BEGIN DATA FOR THE TASK
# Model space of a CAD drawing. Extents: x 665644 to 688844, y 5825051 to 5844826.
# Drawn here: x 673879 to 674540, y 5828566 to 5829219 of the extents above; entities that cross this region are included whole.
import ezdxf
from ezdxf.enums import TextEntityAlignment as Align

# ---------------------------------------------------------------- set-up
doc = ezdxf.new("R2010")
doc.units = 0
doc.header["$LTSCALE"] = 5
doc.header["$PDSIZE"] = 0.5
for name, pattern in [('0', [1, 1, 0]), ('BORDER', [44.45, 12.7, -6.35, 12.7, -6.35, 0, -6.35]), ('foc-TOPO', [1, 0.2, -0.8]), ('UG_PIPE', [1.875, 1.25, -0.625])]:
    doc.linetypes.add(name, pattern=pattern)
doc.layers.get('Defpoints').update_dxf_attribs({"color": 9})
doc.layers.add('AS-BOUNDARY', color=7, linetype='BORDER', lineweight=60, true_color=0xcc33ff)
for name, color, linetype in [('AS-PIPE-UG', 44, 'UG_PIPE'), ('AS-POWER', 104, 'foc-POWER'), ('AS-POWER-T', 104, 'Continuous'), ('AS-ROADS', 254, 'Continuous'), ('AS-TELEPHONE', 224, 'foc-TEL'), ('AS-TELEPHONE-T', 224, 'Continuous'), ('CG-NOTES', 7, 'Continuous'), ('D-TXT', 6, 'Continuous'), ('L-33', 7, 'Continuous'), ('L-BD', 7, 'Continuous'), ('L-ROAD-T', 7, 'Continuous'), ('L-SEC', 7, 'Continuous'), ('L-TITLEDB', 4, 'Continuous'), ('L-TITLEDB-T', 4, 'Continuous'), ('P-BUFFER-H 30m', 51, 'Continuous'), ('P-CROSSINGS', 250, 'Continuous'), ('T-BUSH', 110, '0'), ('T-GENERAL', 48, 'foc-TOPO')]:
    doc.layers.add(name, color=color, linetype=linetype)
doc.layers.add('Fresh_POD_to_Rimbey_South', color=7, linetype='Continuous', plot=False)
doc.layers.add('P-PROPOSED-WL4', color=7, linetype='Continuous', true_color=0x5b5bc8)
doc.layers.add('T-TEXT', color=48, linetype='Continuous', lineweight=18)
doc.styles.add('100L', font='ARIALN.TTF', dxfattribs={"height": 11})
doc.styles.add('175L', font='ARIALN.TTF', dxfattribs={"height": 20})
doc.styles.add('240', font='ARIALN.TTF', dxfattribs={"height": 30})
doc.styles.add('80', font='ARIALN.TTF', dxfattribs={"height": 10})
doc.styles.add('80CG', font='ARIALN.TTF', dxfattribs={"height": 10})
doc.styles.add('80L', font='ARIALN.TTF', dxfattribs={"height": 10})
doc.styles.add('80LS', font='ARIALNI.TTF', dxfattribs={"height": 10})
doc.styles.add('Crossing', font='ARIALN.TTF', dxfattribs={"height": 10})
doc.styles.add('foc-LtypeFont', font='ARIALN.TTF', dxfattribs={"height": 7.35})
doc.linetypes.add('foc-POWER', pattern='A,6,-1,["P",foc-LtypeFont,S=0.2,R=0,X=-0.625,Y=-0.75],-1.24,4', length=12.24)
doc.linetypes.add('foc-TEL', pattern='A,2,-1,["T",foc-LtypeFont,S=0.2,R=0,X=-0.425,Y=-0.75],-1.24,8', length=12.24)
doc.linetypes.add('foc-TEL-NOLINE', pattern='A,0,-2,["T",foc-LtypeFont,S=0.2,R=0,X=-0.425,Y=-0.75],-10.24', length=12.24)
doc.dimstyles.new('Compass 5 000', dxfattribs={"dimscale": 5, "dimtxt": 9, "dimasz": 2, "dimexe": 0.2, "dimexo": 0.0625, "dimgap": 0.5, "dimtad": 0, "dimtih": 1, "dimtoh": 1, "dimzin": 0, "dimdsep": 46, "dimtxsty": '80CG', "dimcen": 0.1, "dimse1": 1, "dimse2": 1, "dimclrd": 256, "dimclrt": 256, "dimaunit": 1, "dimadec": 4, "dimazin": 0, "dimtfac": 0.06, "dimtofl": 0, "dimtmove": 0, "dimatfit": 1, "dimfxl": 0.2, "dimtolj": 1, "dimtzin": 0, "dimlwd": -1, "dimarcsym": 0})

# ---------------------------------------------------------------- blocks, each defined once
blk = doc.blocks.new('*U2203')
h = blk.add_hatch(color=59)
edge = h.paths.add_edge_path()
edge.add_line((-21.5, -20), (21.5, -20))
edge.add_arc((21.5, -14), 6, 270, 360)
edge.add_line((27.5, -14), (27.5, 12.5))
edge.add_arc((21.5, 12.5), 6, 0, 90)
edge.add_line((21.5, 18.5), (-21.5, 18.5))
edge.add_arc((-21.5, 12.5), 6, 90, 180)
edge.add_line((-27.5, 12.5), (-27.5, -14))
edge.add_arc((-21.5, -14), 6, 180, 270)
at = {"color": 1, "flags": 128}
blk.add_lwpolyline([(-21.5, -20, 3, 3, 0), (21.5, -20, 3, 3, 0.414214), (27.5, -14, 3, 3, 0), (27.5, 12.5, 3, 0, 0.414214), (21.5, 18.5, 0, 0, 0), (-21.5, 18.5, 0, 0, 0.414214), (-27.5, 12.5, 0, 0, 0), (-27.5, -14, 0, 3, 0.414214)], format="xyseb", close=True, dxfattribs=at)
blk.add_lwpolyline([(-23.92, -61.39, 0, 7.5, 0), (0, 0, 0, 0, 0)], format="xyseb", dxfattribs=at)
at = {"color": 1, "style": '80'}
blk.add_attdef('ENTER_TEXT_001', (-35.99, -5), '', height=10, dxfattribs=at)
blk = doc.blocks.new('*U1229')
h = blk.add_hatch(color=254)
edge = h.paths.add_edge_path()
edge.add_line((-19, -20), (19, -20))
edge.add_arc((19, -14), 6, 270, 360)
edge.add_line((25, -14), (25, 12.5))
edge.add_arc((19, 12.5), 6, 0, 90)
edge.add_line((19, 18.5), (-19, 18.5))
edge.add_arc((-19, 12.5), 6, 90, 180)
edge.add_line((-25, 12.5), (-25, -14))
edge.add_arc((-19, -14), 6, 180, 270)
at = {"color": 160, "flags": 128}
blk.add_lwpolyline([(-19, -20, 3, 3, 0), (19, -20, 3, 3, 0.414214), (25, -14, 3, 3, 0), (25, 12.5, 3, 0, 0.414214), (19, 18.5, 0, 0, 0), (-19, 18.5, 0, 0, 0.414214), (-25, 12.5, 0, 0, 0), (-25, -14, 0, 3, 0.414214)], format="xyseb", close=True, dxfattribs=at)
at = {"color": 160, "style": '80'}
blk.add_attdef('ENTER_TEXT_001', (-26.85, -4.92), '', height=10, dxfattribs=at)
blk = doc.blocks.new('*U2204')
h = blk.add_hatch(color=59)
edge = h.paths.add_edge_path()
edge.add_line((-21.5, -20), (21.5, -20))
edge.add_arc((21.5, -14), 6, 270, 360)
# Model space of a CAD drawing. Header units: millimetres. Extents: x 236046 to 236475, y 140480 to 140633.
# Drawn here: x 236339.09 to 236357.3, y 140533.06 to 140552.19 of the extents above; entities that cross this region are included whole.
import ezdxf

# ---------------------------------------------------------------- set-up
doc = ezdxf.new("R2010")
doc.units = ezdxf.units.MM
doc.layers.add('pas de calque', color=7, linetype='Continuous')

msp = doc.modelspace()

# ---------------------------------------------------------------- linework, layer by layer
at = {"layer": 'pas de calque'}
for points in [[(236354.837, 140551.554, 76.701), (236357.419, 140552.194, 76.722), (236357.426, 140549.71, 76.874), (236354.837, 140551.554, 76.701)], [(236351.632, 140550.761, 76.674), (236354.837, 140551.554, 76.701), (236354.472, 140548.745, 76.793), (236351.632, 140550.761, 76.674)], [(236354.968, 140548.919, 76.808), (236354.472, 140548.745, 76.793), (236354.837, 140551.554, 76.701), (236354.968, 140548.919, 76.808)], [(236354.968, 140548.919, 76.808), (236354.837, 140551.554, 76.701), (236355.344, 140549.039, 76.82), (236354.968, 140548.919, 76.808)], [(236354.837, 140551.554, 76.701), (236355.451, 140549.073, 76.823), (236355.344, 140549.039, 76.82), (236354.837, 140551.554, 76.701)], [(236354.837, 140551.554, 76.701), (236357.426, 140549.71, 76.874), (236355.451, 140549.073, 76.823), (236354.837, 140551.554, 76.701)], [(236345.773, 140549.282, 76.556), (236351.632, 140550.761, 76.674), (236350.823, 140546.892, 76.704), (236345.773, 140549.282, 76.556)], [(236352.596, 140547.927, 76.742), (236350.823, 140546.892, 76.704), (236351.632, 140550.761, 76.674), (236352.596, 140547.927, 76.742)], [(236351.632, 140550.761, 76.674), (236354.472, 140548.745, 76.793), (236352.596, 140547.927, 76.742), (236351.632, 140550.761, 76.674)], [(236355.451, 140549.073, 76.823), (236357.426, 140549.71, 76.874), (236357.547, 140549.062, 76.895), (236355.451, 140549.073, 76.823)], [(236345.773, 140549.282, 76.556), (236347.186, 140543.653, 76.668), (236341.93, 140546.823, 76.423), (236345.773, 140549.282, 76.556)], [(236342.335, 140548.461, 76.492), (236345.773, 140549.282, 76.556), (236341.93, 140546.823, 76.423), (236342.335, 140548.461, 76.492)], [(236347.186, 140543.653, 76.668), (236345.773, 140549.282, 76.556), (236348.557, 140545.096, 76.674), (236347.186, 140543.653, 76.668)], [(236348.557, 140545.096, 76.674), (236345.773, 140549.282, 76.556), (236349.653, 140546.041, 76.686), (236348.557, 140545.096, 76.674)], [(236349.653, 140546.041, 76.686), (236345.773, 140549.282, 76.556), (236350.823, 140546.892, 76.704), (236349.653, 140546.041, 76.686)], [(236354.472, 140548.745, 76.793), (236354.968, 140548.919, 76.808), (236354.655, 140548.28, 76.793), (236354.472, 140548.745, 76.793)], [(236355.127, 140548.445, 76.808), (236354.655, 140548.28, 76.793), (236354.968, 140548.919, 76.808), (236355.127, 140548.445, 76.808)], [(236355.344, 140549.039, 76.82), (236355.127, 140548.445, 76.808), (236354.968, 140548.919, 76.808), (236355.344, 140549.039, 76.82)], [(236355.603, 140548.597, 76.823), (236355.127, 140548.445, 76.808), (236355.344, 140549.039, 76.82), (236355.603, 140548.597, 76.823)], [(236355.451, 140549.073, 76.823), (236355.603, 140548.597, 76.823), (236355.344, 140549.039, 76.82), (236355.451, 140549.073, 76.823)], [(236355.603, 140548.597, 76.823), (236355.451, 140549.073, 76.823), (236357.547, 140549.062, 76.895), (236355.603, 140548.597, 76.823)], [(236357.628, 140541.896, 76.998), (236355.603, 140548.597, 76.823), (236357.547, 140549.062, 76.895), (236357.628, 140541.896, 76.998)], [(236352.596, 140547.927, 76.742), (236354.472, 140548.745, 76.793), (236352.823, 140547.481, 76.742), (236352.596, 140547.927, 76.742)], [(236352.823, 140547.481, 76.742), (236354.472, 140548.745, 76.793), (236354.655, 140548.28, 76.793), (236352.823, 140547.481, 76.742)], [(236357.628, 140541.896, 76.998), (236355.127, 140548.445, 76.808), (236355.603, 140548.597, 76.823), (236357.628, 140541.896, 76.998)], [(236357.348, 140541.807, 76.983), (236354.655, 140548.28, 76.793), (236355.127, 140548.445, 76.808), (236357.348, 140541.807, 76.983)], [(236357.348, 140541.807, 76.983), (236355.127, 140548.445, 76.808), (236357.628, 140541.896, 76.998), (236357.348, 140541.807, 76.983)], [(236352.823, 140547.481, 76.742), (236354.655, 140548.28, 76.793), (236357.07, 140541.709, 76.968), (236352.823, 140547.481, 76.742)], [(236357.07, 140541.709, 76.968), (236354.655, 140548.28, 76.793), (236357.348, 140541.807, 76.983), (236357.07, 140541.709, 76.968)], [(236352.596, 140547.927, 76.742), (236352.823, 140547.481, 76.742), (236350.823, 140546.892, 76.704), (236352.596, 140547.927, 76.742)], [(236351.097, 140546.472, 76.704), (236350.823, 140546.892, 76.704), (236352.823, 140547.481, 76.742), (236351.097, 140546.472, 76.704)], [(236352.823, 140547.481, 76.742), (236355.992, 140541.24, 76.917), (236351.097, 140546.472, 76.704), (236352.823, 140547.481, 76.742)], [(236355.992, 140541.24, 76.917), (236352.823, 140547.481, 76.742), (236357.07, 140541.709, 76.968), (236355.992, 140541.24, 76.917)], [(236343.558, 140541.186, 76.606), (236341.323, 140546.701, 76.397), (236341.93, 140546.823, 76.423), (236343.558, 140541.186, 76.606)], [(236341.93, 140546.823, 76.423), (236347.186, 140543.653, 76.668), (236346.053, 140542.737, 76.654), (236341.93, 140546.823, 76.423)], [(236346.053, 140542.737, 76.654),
END DATA FOR THE TASK
DESCRIPTION OF THE TASK: Take each line from the preceding material that contains "name" and copy it.

REPLY TO THE EXERCISE:
for name, pattern in [('0', [1, 1, 0]), ('BORDER', [44.45, 12.7, -6.35, 12.7, -6.35, 0, -6.35]), ('foc-TOPO', [1, 0.2, -0.8]), ('UG_PIPE', [1.875, 1.25, -0.625])]:
    doc.linetypes.add(name, pattern=pattern)
for name, color, linetype in [('AS-PIPE-UG', 44, 'UG_PIPE'), ('AS-POWER', 104, 'foc-POWER'), ('AS-POWER-T', 104, 'Continuous'), ('AS-ROADS', 254, 'Continuous'), ('AS-TELEPHONE', 224, 'foc-TEL'), ('AS-TELEPHONE-T', 224, 'Continuous'), ('CG-NOTES', 7, 'Continuous'), ('D-TXT', 6, 'Continuous'), ('L-33', 7, 'Continuous'), ('L-BD', 7, 'Continuous'), ('L-ROAD-T', 7, 'Continuous'), ('L-SEC', 7, 'Continuous'), ('L-TITLEDB', 4, 'Continuous'), ('L-TITLEDB-T', 4, 'Continuous'), ('P-BUFFER-H 30m', 51, 'Continuous'), ('P-CROSSINGS', 250, 'Continuous'), ('T-BUSH', 110, '0'), ('T-GENERAL', 48, 'foc-TOPO')]:
    doc.layers.add(name, color=color, linetype=linetype)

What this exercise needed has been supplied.